* [Exercise]:
Quote exactly and only this range of lines in the data below: the line that holds "#331=CIRCLE('',#330,1.6);" to the line that holds "#383=ORIENTED_EDGE('',*,*,#382,.T.);", both included.

Records from a data source:

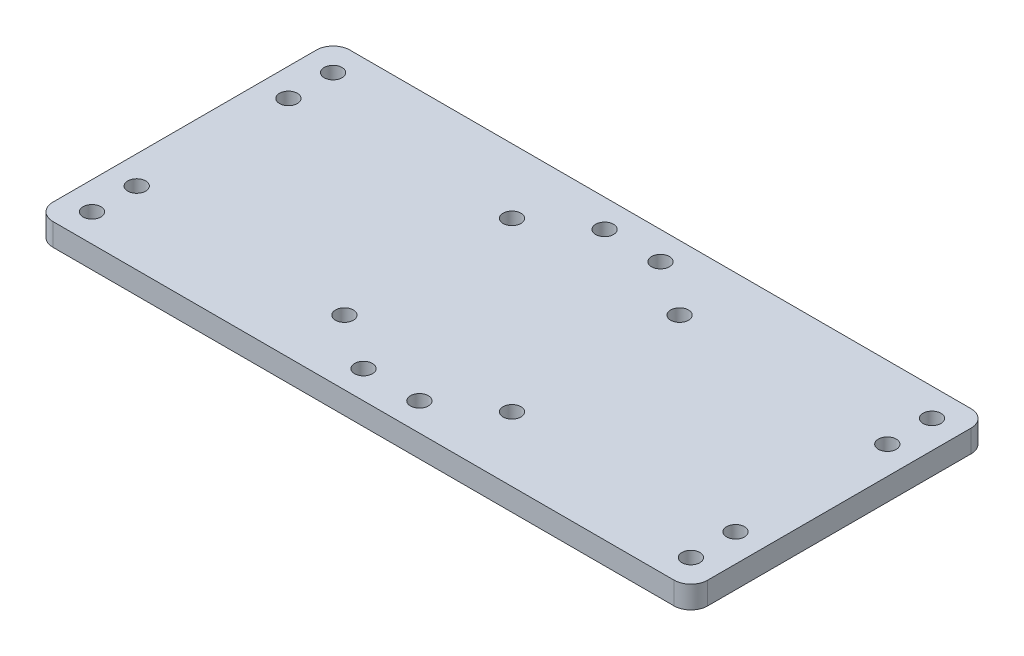
ISO-10303-21;
HEADER;
FILE_DESCRIPTION(('STEP AP214'),'2;1');
FILE_NAME('part.step','',(''),(''),'','','');
FILE_SCHEMA(('AUTOMOTIVE_DESIGN { 1 0 10303 214 1 1 1 1 }'));
ENDSEC;
DATA;
#1=APPLICATION_CONTEXT('core data for automotive mechanical design processes');
#2=APPLICATION_PROTOCOL_DEFINITION('international standard','automotive_design',2000,#1);
#3=PRODUCT_CONTEXT('',#1,'mechanical');
#4=PRODUCT('Part','Part','',(#3));
#5=PRODUCT_RELATED_PRODUCT_CATEGORY('part','',(#4));
#6=PRODUCT_DEFINITION_FORMATION('','',#4);
#7=PRODUCT_DEFINITION_CONTEXT('part definition',#1,'design');
#8=PRODUCT_DEFINITION('design','',#6,#7);
#9=PRODUCT_DEFINITION_SHAPE('','',#8);
#10=(LENGTH_UNIT() NAMED_UNIT(*) SI_UNIT(.MILLI.,.METRE.));
#11=(NAMED_UNIT(*) PLANE_ANGLE_UNIT() SI_UNIT($,.RADIAN.));
#12=(NAMED_UNIT(*) SI_UNIT($,.STERADIAN.) SOLID_ANGLE_UNIT());
#13=UNCERTAINTY_MEASURE_WITH_UNIT(LENGTH_MEASURE(1.E-05),#10,'distance_accuracy_value','');
#14=(GEOMETRIC_REPRESENTATION_CONTEXT(3) GLOBAL_UNCERTAINTY_ASSIGNED_CONTEXT((#13)) GLOBAL_UNIT_ASSIGNED_CONTEXT((#10,
#11,#12)) REPRESENTATION_CONTEXT('',''));
#15=CARTESIAN_POINT('',(0.,0.,0.));
#16=DIRECTION('',(0.,0.,1.));
#17=DIRECTION('',(1.,0.,0.));
#18=AXIS2_PLACEMENT_3D('',#15,#16,#17);
#19=CARTESIAN_POINT('',(58.6,4.,-26.580295875));
#20=DIRECTION('',(-1.,0.,0.));
#21=DIRECTION('',(0.,0.,1.));
#22=AXIS2_PLACEMENT_3D('',#19,#20,#21);
#23=PLANE('',#22);
#24=DIRECTION('',(0.,0.,-1.));
#25=VECTOR('',#24,1.);
#26=CARTESIAN_POINT('',(58.6,4.,-26.580295875));
#27=LINE('',#26,#25);
#28=CARTESIAN_POINT('',(58.6,4.,23.580295875));
#29=VERTEX_POINT('',#28);
#30=CARTESIAN_POINT('',(58.6,4.,-23.580295875));
#31=VERTEX_POINT('',#30);
#32=EDGE_CURVE('E125',#29,#31,#27,.T.);
#33=ORIENTED_EDGE('',*,*,#32,.F.);
#34=DIRECTION('',(0.,-1.,0.));
#35=VECTOR('',#34,1.);
#36=CARTESIAN_POINT('',(58.6,4.,23.580295875));
#37=LINE('',#36,#35);
#38=CARTESIAN_POINT('',(58.6,0.,23.580295875));
#39=VERTEX_POINT('',#38);
#40=EDGE_CURVE('E110',#29,#39,#37,.T.);
#41=ORIENTED_EDGE('',*,*,#40,.T.);
#42=DIRECTION('',(0.,0.,-1.));
#43=VECTOR('',#42,1.);
#44=CARTESIAN_POINT('',(58.6,0.,-26.580295875));
#45=LINE('',#44,#43);
#46=CARTESIAN_POINT('',(58.6,0.,-23.580295875));
#47=VERTEX_POINT('',#46);
#48=EDGE_CURVE('E122',#39,#47,#45,.T.);
#49=ORIENTED_EDGE('',*,*,#48,.T.);
#50=DIRECTION('',(0.,-1.,0.));
#51=VECTOR('',#50,1.);
#52=CARTESIAN_POINT('',(58.6,4.,-23.580295875));
#53=LINE('',#52,#51);
#54=EDGE_CURVE('E127',#47,#31,#53,.F.);
#55=ORIENTED_EDGE('',*,*,#54,.T.);
#56=EDGE_LOOP('',(#33,#41,#49,#55));
#57=FACE_BOUND('',#56,.T.);
#58=ADVANCED_FACE('F38',(#57),#23,.F.);
#59=CARTESIAN_POINT('',(-58.6,4.,-26.580295875));
#60=DIRECTION('',(0.,0.,1.));
#61=DIRECTION('',(1.,0.,0.));
#62=AXIS2_PLACEMENT_3D('',#59,#60,#61);
#63=PLANE('',#62);
#64=DIRECTION('',(-1.,0.,0.));
#65=VECTOR('',#64,1.);
#66=CARTESIAN_POINT('',(-58.6,0.,-26.580295875));
#67=LINE('',#66,#65);
#68=CARTESIAN_POINT('',(55.6,0.,-26.580295875));
#69=VERTEX_POINT('',#68);
#70=CARTESIAN_POINT('',(-55.6,0.,-26.580295875));
#71=VERTEX_POINT('',#70);
#72=EDGE_CURVE('E132',#69,#71,#67,.T.);
#73=ORIENTED_EDGE('',*,*,#72,.T.);
#74=DIRECTION('',(0.,-1.,0.));
#75=VECTOR('',#74,1.);
#76=CARTESIAN_POINT('',(-55.6,4.,-26.580295875));
#77=LINE('',#76,#75);
#78=CARTESIAN_POINT('',(-55.6,4.,-26.580295875));
#79=VERTEX_POINT('',#78);
#80=EDGE_CURVE('E11',#71,#79,#77,.F.);
#81=ORIENTED_EDGE('',*,*,#80,.T.);
#82=DIRECTION('',(-1.,0.,0.));
#83=VECTOR('',#82,1.);
#84=CARTESIAN_POINT('',(-58.6,4.,-26.580295875));
#85=LINE('',#84,#83);
#86=CARTESIAN_POINT('',(55.6,4.,-26.580295875));
#87=VERTEX_POINT('',#86);
#88=EDGE_CURVE('E258',#87,#79,#85,.T.);
#89=ORIENTED_EDGE('',*,*,#88,.F.);
#90=DIRECTION('',(0.,-1.,0.));
#91=VECTOR('',#90,1.);
#92=CARTESIAN_POINT('',(55.6,4.,-26.580295875));
#93=LINE('',#92,#91);
#94=EDGE_CURVE('E47',#87,#69,#93,.T.);
#95=ORIENTED_EDGE('',*,*,#94,.T.);
#96=EDGE_LOOP('',(#73,#81,#89,#95));
#97=FACE_BOUND('',#96,.T.);
#98=ADVANCED_FACE('F275',(#97),#63,.F.);
#99=CARTESIAN_POINT('',(-58.6,4.,-26.580295875));
#100=DIRECTION('',(1.,0.,0.));
#101=DIRECTION('',(0.,0.,-1.));
#102=AXIS2_PLACEMENT_3D('',#99,#100,#101);
#103=PLANE('',#102);
#104=DIRECTION('',(0.,0.,1.));
#105=VECTOR('',#104,1.);
#106=CARTESIAN_POINT('',(-58.6,4.,-26.580295875));
#107=LINE('',#106,#105);
#108=CARTESIAN_POINT('',(-58.6,4.,-23.580295875));
#109=VERTEX_POINT('',#108);
#110=CARTESIAN_POINT('',(-58.6,4.,23.580295875));
#111=VERTEX_POINT('',#110);
#112=EDGE_CURVE('E259',#109,#111,#107,.T.);
#113=ORIENTED_EDGE('',*,*,#112,.F.);
#114=DIRECTION('',(0.,-1.,0.));
#115=VECTOR('',#114,1.);
#116=CARTESIAN_POINT('',(-58.6,4.,-23.580295875));
#117=LINE('',#116,#115);
#118=CARTESIAN_POINT('',(-58.6,0.,-23.580295875));
#119=VERTEX_POINT('',#118);
#120=EDGE_CURVE('E163',#109,#119,#117,.T.);
#121=ORIENTED_EDGE('',*,*,#120,.T.);
#122=DIRECTION('',(0.,0.,1.));
#123=VECTOR('',#122,1.);
#124=CARTESIAN_POINT('',(-58.6,0.,-26.580295875));
#125=LINE('',#124,#123);
#126=CARTESIAN_POINT('',(-58.6,0.,23.580295875));
#127=VERTEX_POINT('',#126);
#128=EDGE_CURVE('E136',#119,#127,#125,.T.);
#129=ORIENTED_EDGE('',*,*,#128,.T.);
#130=DIRECTION('',(0.,-1.,0.));
#131=VECTOR('',#130,1.);
#132=CARTESIAN_POINT('',(-58.6,4.,23.580295875));
#133=LINE('',#132,#131);
#134=EDGE_CURVE('E55',#127,#111,#133,.F.);
#135=ORIENTED_EDGE('',*,*,#134,.T.);
#136=EDGE_LOOP('',(#113,#121,#129,#135));
#137=FACE_BOUND('',#136,.T.);
#138=ADVANCED_FACE('F269',(#137),#103,.F.);
#139=CARTESIAN_POINT('',(-58.6,4.,26.580295875));
#140=DIRECTION('',(0.,0.,-1.));
#141=DIRECTION('',(-1.,0.,0.));
#142=AXIS2_PLACEMENT_3D('',#139,#140,#141);
#143=PLANE('',#142);
#144=DIRECTION('',(1.,0.,0.));
#145=VECTOR('',#144,1.);
#146=CARTESIAN_POINT('',(-58.6,0.,26.580295875));
#147=LINE('',#146,#145);
#148=CARTESIAN_POINT('',(-55.6,0.,26.580295875));
#149=VERTEX_POINT('',#148);
#150=CARTESIAN_POINT('',(55.6,0.,26.580295875));
#151=VERTEX_POINT('',#150);
#152=EDGE_CURVE('E146',#149,#151,#147,.T.);
#153=ORIENTED_EDGE('',*,*,#152,.T.);
#154=DIRECTION('',(0.,-1.,0.));
#155=VECTOR('',#154,1.);
#156=CARTESIAN_POINT('',(55.6,4.,26.580295875));
#157=LINE('',#156,#155);
#158=CARTESIAN_POINT('',(55.6,4.,26.580295875));
#159=VERTEX_POINT('',#158);
#160=EDGE_CURVE('E111',#151,#159,#157,.F.);
#161=ORIENTED_EDGE('',*,*,#160,.T.);
#162=DIRECTION('',(1.,0.,0.));
#163=VECTOR('',#162,1.);
#164=CARTESIAN_POINT('',(-58.6,4.,26.580295875));
#165=LINE('',#164,#163);
#166=CARTESIAN_POINT('',(-55.6,4.,26.580295875));
#167=VERTEX_POINT('',#166);
#168=EDGE_CURVE('E142',#167,#159,#165,.T.);
#169=ORIENTED_EDGE('',*,*,#168,.F.);
#170=DIRECTION('',(0.,-1.,0.));
#171=VECTOR('',#170,1.);
#172=CARTESIAN_POINT('',(-55.6,4.,26.580295875));
#173=LINE('',#172,#171);
#174=EDGE_CURVE('E116',#167,#149,#173,.T.);
#175=ORIENTED_EDGE('',*,*,#174,.T.);
#176=EDGE_LOOP('',(#153,#161,#169,#175));
#177=FACE_BOUND('',#176,.T.);
#178=ADVANCED_FACE('F266',(#177),#143,.F.);
#179=CARTESIAN_POINT('',(0.,4.,0.));
#180=DIRECTION('',(0.,1.,0.));
#181=DIRECTION('',(0.,0.,1.));
#182=AXIS2_PLACEMENT_3D('',#179,#180,#181);
#183=PLANE('',#182);
#184=CARTESIAN_POINT('',(-15.,4.,-15.));
#185=DIRECTION('',(0.,1.,0.));
#186=DIRECTION('',(0.,0.,-1.));
#187=AXIS2_PLACEMENT_3D('',#184,#185,#186);
#188=CIRCLE('',#187,1.6);
#189=CARTESIAN_POINT('',(-15.,4.,-16.6));
#190=VERTEX_POINT('',#189);
#191=EDGE_CURVE('E523',#190,#190,#188,.T.);
#192=ORIENTED_EDGE('',*,*,#191,.F.);
#193=EDGE_LOOP('',(#192));
#194=FACE_BOUND('',#193,.T.);
#195=CARTESIAN_POINT('',(15.,4.,15.));
#196=DIRECTION('',(0.,1.,0.));
#197=DIRECTION('',(0.,0.,1.));
#198=AXIS2_PLACEMENT_3D('',#195,#196,#197);
#199=CIRCLE('',#198,1.60000000000001);
#200=CARTESIAN_POINT('',(15.,4.,16.6));
#201=VERTEX_POINT('',#200);
#202=EDGE_CURVE('E524',#201,#201,#199,.T.);
#203=ORIENTED_EDGE('',*,*,#202,.F.);
#204=EDGE_LOOP('',(#203));
#205=FACE_BOUND('',#204,.T.);
#206=CARTESIAN_POINT('',(15.,4.,-15.));
#207=DIRECTION('',(0.,1.,0.));
#208=DIRECTION('',(0.,0.,-1.));
#209=AXIS2_PLACEMENT_3D('',#206,#207,#208);
#210=CIRCLE('',#209,1.60000000000001);
#211=CARTESIAN_POINT('',(15.,4.,-16.6));
#212=VERTEX_POINT('',#211);
#213=EDGE_CURVE('E176',#212,#212,#210,.T.);
#214=ORIENTED_EDGE('',*,*,#213,.F.);
#215=EDGE_LOOP('',(#214));
#216=FACE_BOUND('',#215,.T.);
#217=CARTESIAN_POINT('',(-15.,4.,15.));
#218=DIRECTION('',(0.,1.,0.));
#219=DIRECTION('',(0.,0.,1.));
#220=AXIS2_PLACEMENT_3D('',#217,#218,#219);
#221=CIRCLE('',#220,1.6);
#222=CARTESIAN_POINT('',(-15.,4.,16.6));
#223=VERTEX_POINT('',#222);
#224=EDGE_CURVE('E172',#223,#223,#221,.T.);
#225=ORIENTED_EDGE('',*,*,#224,.F.);
#226=EDGE_LOOP('',(#225));
#227=FACE_BOUND('',#226,.T.);
#228=CARTESIAN_POINT('',(-53.6,4.,13.580295875));
#229=DIRECTION('',(0.,1.,0.));
#230=DIRECTION('',(0.,0.,1.));
#231=AXIS2_PLACEMENT_3D('',#228,#229,#230);
#232=CIRCLE('',#231,1.6);
#233=CARTESIAN_POINT('',(-53.6,4.,15.180295875));
#234=VERTEX_POINT('',#233);
#235=EDGE_CURVE('E193',#234,#234,#232,.T.);
#236=ORIENTED_EDGE('',*,*,#235,.F.);
#237=EDGE_LOOP('',(#236));
#238=FACE_BOUND('',#237,.T.);
#239=CARTESIAN_POINT('',(-5.,4.,21.580295875));
#240=DIRECTION('',(0.,1.,0.));
#241=DIRECTION('',(0.,0.,1.));
#242=AXIS2_PLACEMENT_3D('',#239,#240,#241);
#243=CIRCLE('',#242,1.6);
#244=CARTESIAN_POINT('',(-5.,4.,23.180295875));
#245=VERTEX_POINT('',#244);
#246=EDGE_CURVE('E199',#245,#245,#243,.T.);
#247=ORIENTED_EDGE('',*,*,#246,.F.);
#248=EDGE_LOOP('',(#247));
#249=FACE_BOUND('',#248,.T.);
#250=CARTESIAN_POINT('',(5.00000000000001,4.,21.580295875));
#251=DIRECTION('',(0.,1.,0.));
#252=DIRECTION('',(0.,0.,-1.));
#253=AXIS2_PLACEMENT_3D('',#250,#251,#252);
#254=CIRCLE('',#253,1.6);
#255=CARTESIAN_POINT('',(5.00000000000001,4.,19.980295875));
#256=VERTEX_POINT('',#255);
#257=EDGE_CURVE('E205',#256,#256,#254,.T.);
#258=ORIENTED_EDGE('',*,*,#257,.F.);
#259=EDGE_LOOP('',(#258));
#260=FACE_BOUND('',#259,.T.);
#261=CARTESIAN_POINT('',(53.6,4.,13.580295875));
#262=DIRECTION('',(0.,1.,0.));
#263=DIRECTION('',(0.,0.,-1.));
#264=AXIS2_PLACEMENT_3D('',#261,#262,#263);
#265=CIRCLE('',#264,1.6);
#266=CARTESIAN_POINT('',(53.6,4.,11.980295875));
#267=VERTEX_POINT('',#266);
#268=EDGE_CURVE('E211',#267,#267,#265,.T.);
#269=ORIENTED_EDGE('',*,*,#268,.F.);
#270=EDGE_LOOP('',(#269));
#271=FACE_BOUND('',#270,.T.);
#272=CARTESIAN_POINT('',(53.6,4.,21.580295875));
#273=DIRECTION('',(0.,1.,0.));
#274=DIRECTION('',(0.,0.,-1.));
#275=AXIS2_PLACEMENT_3D('',#272,#273,#274);
#276=CIRCLE('',#275,1.6);
#277=CARTESIAN_POINT('',(53.6,4.,19.980295875));
#278=VERTEX_POINT('',#277);
#279=EDGE_CURVE('E217',#278,#278,#276,.T.);
#280=ORIENTED_EDGE('',*,*,#279,.F.);
#281=EDGE_LOOP('',(#280));
#282=FACE_BOUND('',#281,.T.);
#283=CARTESIAN_POINT('',(-53.6,4.,-13.580295875));
#284=DIRECTION('',(0.,1.,0.));
#285=DIRECTION('',(0.,0.,-1.));
#286=AXIS2_PLACEMENT_3D('',#283,#284,#285);
#287=CIRCLE('',#286,1.6);
#288=CARTESIAN_POINT('',(-53.6,4.,-15.180295875));
#289=VERTEX_POINT('',#288);
#290=EDGE_CURVE('E223',#289,#289,#287,.T.);
#291=ORIENTED_EDGE('',*,*,#290,.F.);
#292=EDGE_LOOP('',(#291));
#293=FACE_BOUND('',#292,.T.);
#294=CARTESIAN_POINT('',(-53.6,4.,-21.580295875));
#295=DIRECTION('',(0.,1.,0.));
#296=DIRECTION('',(0.,0.,-1.));
#297=AXIS2_PLACEMENT_3D('',#294,#295,#296);
#298=CIRCLE('',#297,1.6);
#299=CARTESIAN_POINT('',(-53.6,4.,-23.180295875));
#300=VERTEX_POINT('',#299);
#301=EDGE_CURVE('E229',#300,#300,#298,.T.);
#302=ORIENTED_EDGE('',*,*,#301,.F.);
#303=EDGE_LOOP('',(#302));
#304=FACE_BOUND('',#303,.T.);
#305=CARTESIAN_POINT('',(-5.,4.,-21.580295875));
#306=DIRECTION('',(0.,1.,0.));
#307=DIRECTION('',(0.,0.,-1.));
#308=AXIS2_PLACEMENT_3D('',#305,#306,#307);
#309=CIRCLE('',#308,1.6);
#310=CARTESIAN_POINT('',(-5.,4.,-23.180295875));
#311=VERTEX_POINT('',#310);
#312=EDGE_CURVE('E235',#311,#311,#309,.T.);
#313=ORIENTED_EDGE('',*,*,#312,.F.);
#314=EDGE_LOOP('',(#313));
#315=FACE_BOUND('',#314,.T.);
#316=CARTESIAN_POINT('',(5.,4.,-21.580295875));
#317=DIRECTION('',(0.,1.,0.));
#318=DIRECTION('',(0.,0.,1.));
#319=AXIS2_PLACEMENT_3D('',#316,#317,#318);
#320=CIRCLE('',#319,1.6);
#321=CARTESIAN_POINT('',(5.,4.,-19.980295875));
#322=VERTEX_POINT('',#321);
#323=EDGE_CURVE('E241',#322,#322,#320,.T.);
#324=ORIENTED_EDGE('',*,*,#323,.F.);
#325=EDGE_LOOP('',(#324));
#326=FACE_BOUND('',#325,.T.);
#327=CARTESIAN_POINT('',(53.6,4.,-21.580295875));
#328=DIRECTION('',(0.,1.,0.));
#329=DIRECTION('',(0.,0.,1.));
#330=AXIS2_PLACEMENT_3D('',#327,#328,#329);
#331=CIRCLE('',#330,1.6);
#332=CARTESIAN_POINT('',(53.6,4.,-19.980295875));
#333=VERTEX_POINT('',#332);
#334=EDGE_CURVE('E247',#333,#333,#331,.T.);
#335=ORIENTED_EDGE('',*,*,#334,.F.);
#336=EDGE_LOOP('',(#335));
#337=FACE_BOUND('',#336,.T.);
#338=CARTESIAN_POINT('',(53.6,4.,-13.580295875));
#339=DIRECTION('',(0.,1.,0.));
#340=DIRECTION('',(0.,0.,1.));
#341=AXIS2_PLACEMENT_3D('',#338,#339,#340);
#342=CIRCLE('',#341,1.59999999999999);
#343=CARTESIAN_POINT('',(53.6,4.,-11.980295875));
#344=VERTEX_POINT('',#343);
#345=EDGE_CURVE('E171',#344,#344,#342,.T.);
#346=ORIENTED_EDGE('',*,*,#345,.F.);
#347=EDGE_LOOP('',(#346));
#348=FACE_BOUND('',#347,.T.);
#349=CARTESIAN_POINT('',(-53.6,4.,21.580295875));
#350=DIRECTION('',(0.,1.,0.));
#351=DIRECTION('',(0.,0.,1.));
#352=AXIS2_PLACEMENT_3D('',#349,#350,#351);
#353=CIRCLE('',#352,1.6);
#354=CARTESIAN_POINT('',(-53.6,4.,23.180295875));
#355=VERTEX_POINT('',#354);
#356=EDGE_CURVE('E139',#355,#355,#353,.T.);
#357=ORIENTED_EDGE('',*,*,#356,.F.);
#358=EDGE_LOOP('',(#357));
#359=FACE_BOUND('',#358,.T.);
#360=ORIENTED_EDGE('',*,*,#168,.T.);
#361=CARTESIAN_POINT('',(55.6,4.,23.580295875));
#362=DIRECTION('',(0.,1.,0.));
#363=DIRECTION('',(0.,0.,1.));
#364=AXIS2_PLACEMENT_3D('',#361,#362,#363);
#365=CIRCLE('',#364,3.);
#366=EDGE_CURVE('E160',#159,#29,#365,.T.);
#367=ORIENTED_EDGE('',*,*,#366,.T.);
#368=ORIENTED_EDGE('',*,*,#32,.T.);
#369=CARTESIAN_POINT('',(55.6,4.,-23.580295875));
#370=DIRECTION('',(0.,1.,0.));
#371=DIRECTION('',(0.,0.,1.));
#372=AXIS2_PLACEMENT_3D('',#369,#370,#371);
#373=CIRCLE('',#372,3.);
#374=EDGE_CURVE('E157',#31,#87,#373,.T.);
#375=ORIENTED_EDGE('',*,*,#374,.T.);
#376=ORIENTED_EDGE('',*,*,#88,.T.);
#377=CARTESIAN_POINT('',(-55.6,4.,-23.580295875));
#378=DIRECTION('',(0.,1.,0.));
#379=DIRECTION('',(0.,0.,1.));
#380=AXIS2_PLACEMENT_3D('',#377,#378,#379);
#381=CIRCLE('',#380,3.);
#382=EDGE_CURVE('E62',#79,#109,#381,.T.);
#383=ORIENTED_EDGE('',*,*,#382,.T.);
#384=ORIENTED_EDGE('',*,*,#112,.T.);
#385=CARTESIAN_POINT('',(-55.6,4.,23.580295875));
#386=DIRECTION('',(0.,1.,0.));
#387=DIRECTION('',(0.,0.,1.));
#388=AXIS2_PLACEMENT_3D('',#385,#386,#387);
#389=CIRCLE('',#388,3.);
#390=EDGE_CURVE('E155',#111,#167,#389,.T.);
#391=ORIENTED_EDGE('',*,*,#390,.T.);
#392=EDGE_LOOP('',(#360,#367,#368,#375,#376,#383,#384,#391));
#393=FACE_BOUND('',#392,.T.);
#394=ADVANCED_FACE('F263',(#194,#205,#216,#227,#238,#249,#260,#271,#282,#293,#304,#315,#326,
#337,#348,#359,#393),#183,.T.);
#395=CARTESIAN_POINT('',(0.,0.,0.));
#396=DIRECTION('',(0.,1.,0.));
#397=DIRECTION('',(0.,0.,1.));
#398=AXIS2_PLACEMENT_3D('',#395,#396,#397);
#399=PLANE('',#398);
#400=CARTESIAN_POINT('',(-15.,0.,-15.));
#401=DIRECTION('',(0.,1.,0.));
#402=DIRECTION('',(0.,0.,1.));
#403=AXIS2_PLACEMENT_3D('',#400,#401,#402);
#404=CIRCLE('',#403,1.6);
#405=CARTESIAN_POINT('',(-15.,0.,-13.4));
#406=VERTEX_POINT('',#405);
#407=EDGE_CURVE('E42',#406,#406,#404,.T.);
#408=ORIENTED_EDGE('',*,*,#407,.T.);
#409=EDGE_LOOP('',(#408));
#410=FACE_BOUND('',#409,.T.);
#411=CARTESIAN_POINT('',(15.,0.,15.));
#412=DIRECTION('',(0.,1.,0.));
#413=DIRECTION('',(0.,0.,1.));
#414=AXIS2_PLACEMENT_3D('',#411,#412,#413);
#415=CIRCLE('',#414,1.60000000000001);
#416=CARTESIAN_POINT('',(15.,0.,16.6));
#417=VERTEX_POINT('',#416);
#418=EDGE_CURVE('E175',#417,#417,#415,.T.);
#419=ORIENTED_EDGE('',*,*,#418,.T.);
#420=EDGE_LOOP('',(#419));
#421=FACE_BOUND('',#420,.T.);
#422=CARTESIAN_POINT('',(15.,0.,-15.));
#423=DIRECTION('',(0.,1.,0.));
#424=DIRECTION('',(0.,0.,1.));
#425=AXIS2_PLACEMENT_3D('',#422,#423,#424);
#426=CIRCLE('',#425,1.60000000000001);
#427=CARTESIAN_POINT('',(15.,0.,-13.4));
#428=VERTEX_POINT('',#427);
#429=EDGE_CURVE('E173',#428,#428,#426,.T.);
#430=ORIENTED_EDGE('',*,*,#429,.T.);
#431=EDGE_LOOP('',(#430));
#432=FACE_BOUND('',#431,.T.);
#433=CARTESIAN_POINT('',(-15.,0.,15.));
#434=DIRECTION('',(0.,1.,0.));
#435=DIRECTION('',(0.,0.,1.));
#436=AXIS2_PLACEMENT_3D('',#433,#434,#435);
#437=CIRCLE('',#436,1.6);
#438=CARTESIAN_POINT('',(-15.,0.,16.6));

* [Answer box]:
#331=CIRCLE('',#330,1.6);
#332=CARTESIAN_POINT('',(53.6,4.,-19.980295875));
#333=VERTEX_POINT('',#332);
#334=EDGE_CURVE('E247',#333,#333,#331,.T.);
#335=ORIENTED_EDGE('',*,*,#334,.F.);
#336=EDGE_LOOP('',(#335));
#337=FACE_BOUND('',#336,.T.);
#338=CARTESIAN_POINT('',(53.6,4.,-13.580295875));
#339=DIRECTION('',(0.,1.,0.));
#340=DIRECTION('',(0.,0.,1.));
#341=AXIS2_PLACEMENT_3D('',#338,#339,#340);
#342=CIRCLE('',#341,1.59999999999999);
#343=CARTESIAN_POINT('',(53.6,4.,-11.980295875));
#344=VERTEX_POINT('',#343);
#345=EDGE_CURVE('E171',#344,#344,#342,.T.);
#346=ORIENTED_EDGE('',*,*,#345,.F.);
#347=EDGE_LOOP('',(#346));
#348=FACE_BOUND('',#347,.T.);
#349=CARTESIAN_POINT('',(-53.6,4.,21.580295875));
#350=DIRECTION('',(0.,1.,0.));
#351=DIRECTION('',(0.,0.,1.));
#352=AXIS2_PLACEMENT_3D('',#349,#350,#351);
#353=CIRCLE('',#352,1.6);
#354=CARTESIAN_POINT('',(-53.6,4.,23.180295875));
#355=VERTEX_POINT('',#354);
#356=EDGE_CURVE('E139',#355,#355,#353,.T.);
#357=ORIENTED_EDGE('',*,*,#356,.F.);
#358=EDGE_LOOP('',(#357));
#359=FACE_BOUND('',#358,.T.);
#360=ORIENTED_EDGE('',*,*,#168,.T.);
#361=CARTESIAN_POINT('',(55.6,4.,23.580295875));
#362=DIRECTION('',(0.,1.,0.));
#363=DIRECTION('',(0.,0.,1.));
#364=AXIS2_PLACEMENT_3D('',#361,#362,#363);
#365=CIRCLE('',#364,3.);
#366=EDGE_CURVE('E160',#159,#29,#365,.T.);
#367=ORIENTED_EDGE('',*,*,#366,.T.);
#368=ORIENTED_EDGE('',*,*,#32,.T.);
#369=CARTESIAN_POINT('',(55.6,4.,-23.580295875));
#370=DIRECTION('',(0.,1.,0.));
#371=DIRECTION('',(0.,0.,1.));
#372=AXIS2_PLACEMENT_3D('',#369,#370,#371);
#373=CIRCLE('',#372,3.);
#374=EDGE_CURVE('E157',#31,#87,#373,.T.);
#375=ORIENTED_EDGE('',*,*,#374,.T.);
#376=ORIENTED_EDGE('',*,*,#88,.T.);
#377=CARTESIAN_POINT('',(-55.6,4.,-23.580295875));
#378=DIRECTION('',(0.,1.,0.));
#379=DIRECTION('',(0.,0.,1.));
#380=AXIS2_PLACEMENT_3D('',#377,#378,#379);
#381=CIRCLE('',#380,3.);
#382=EDGE_CURVE('E62',#79,#109,#381,.T.);
#383=ORIENTED_EDGE('',*,*,#382,.T.);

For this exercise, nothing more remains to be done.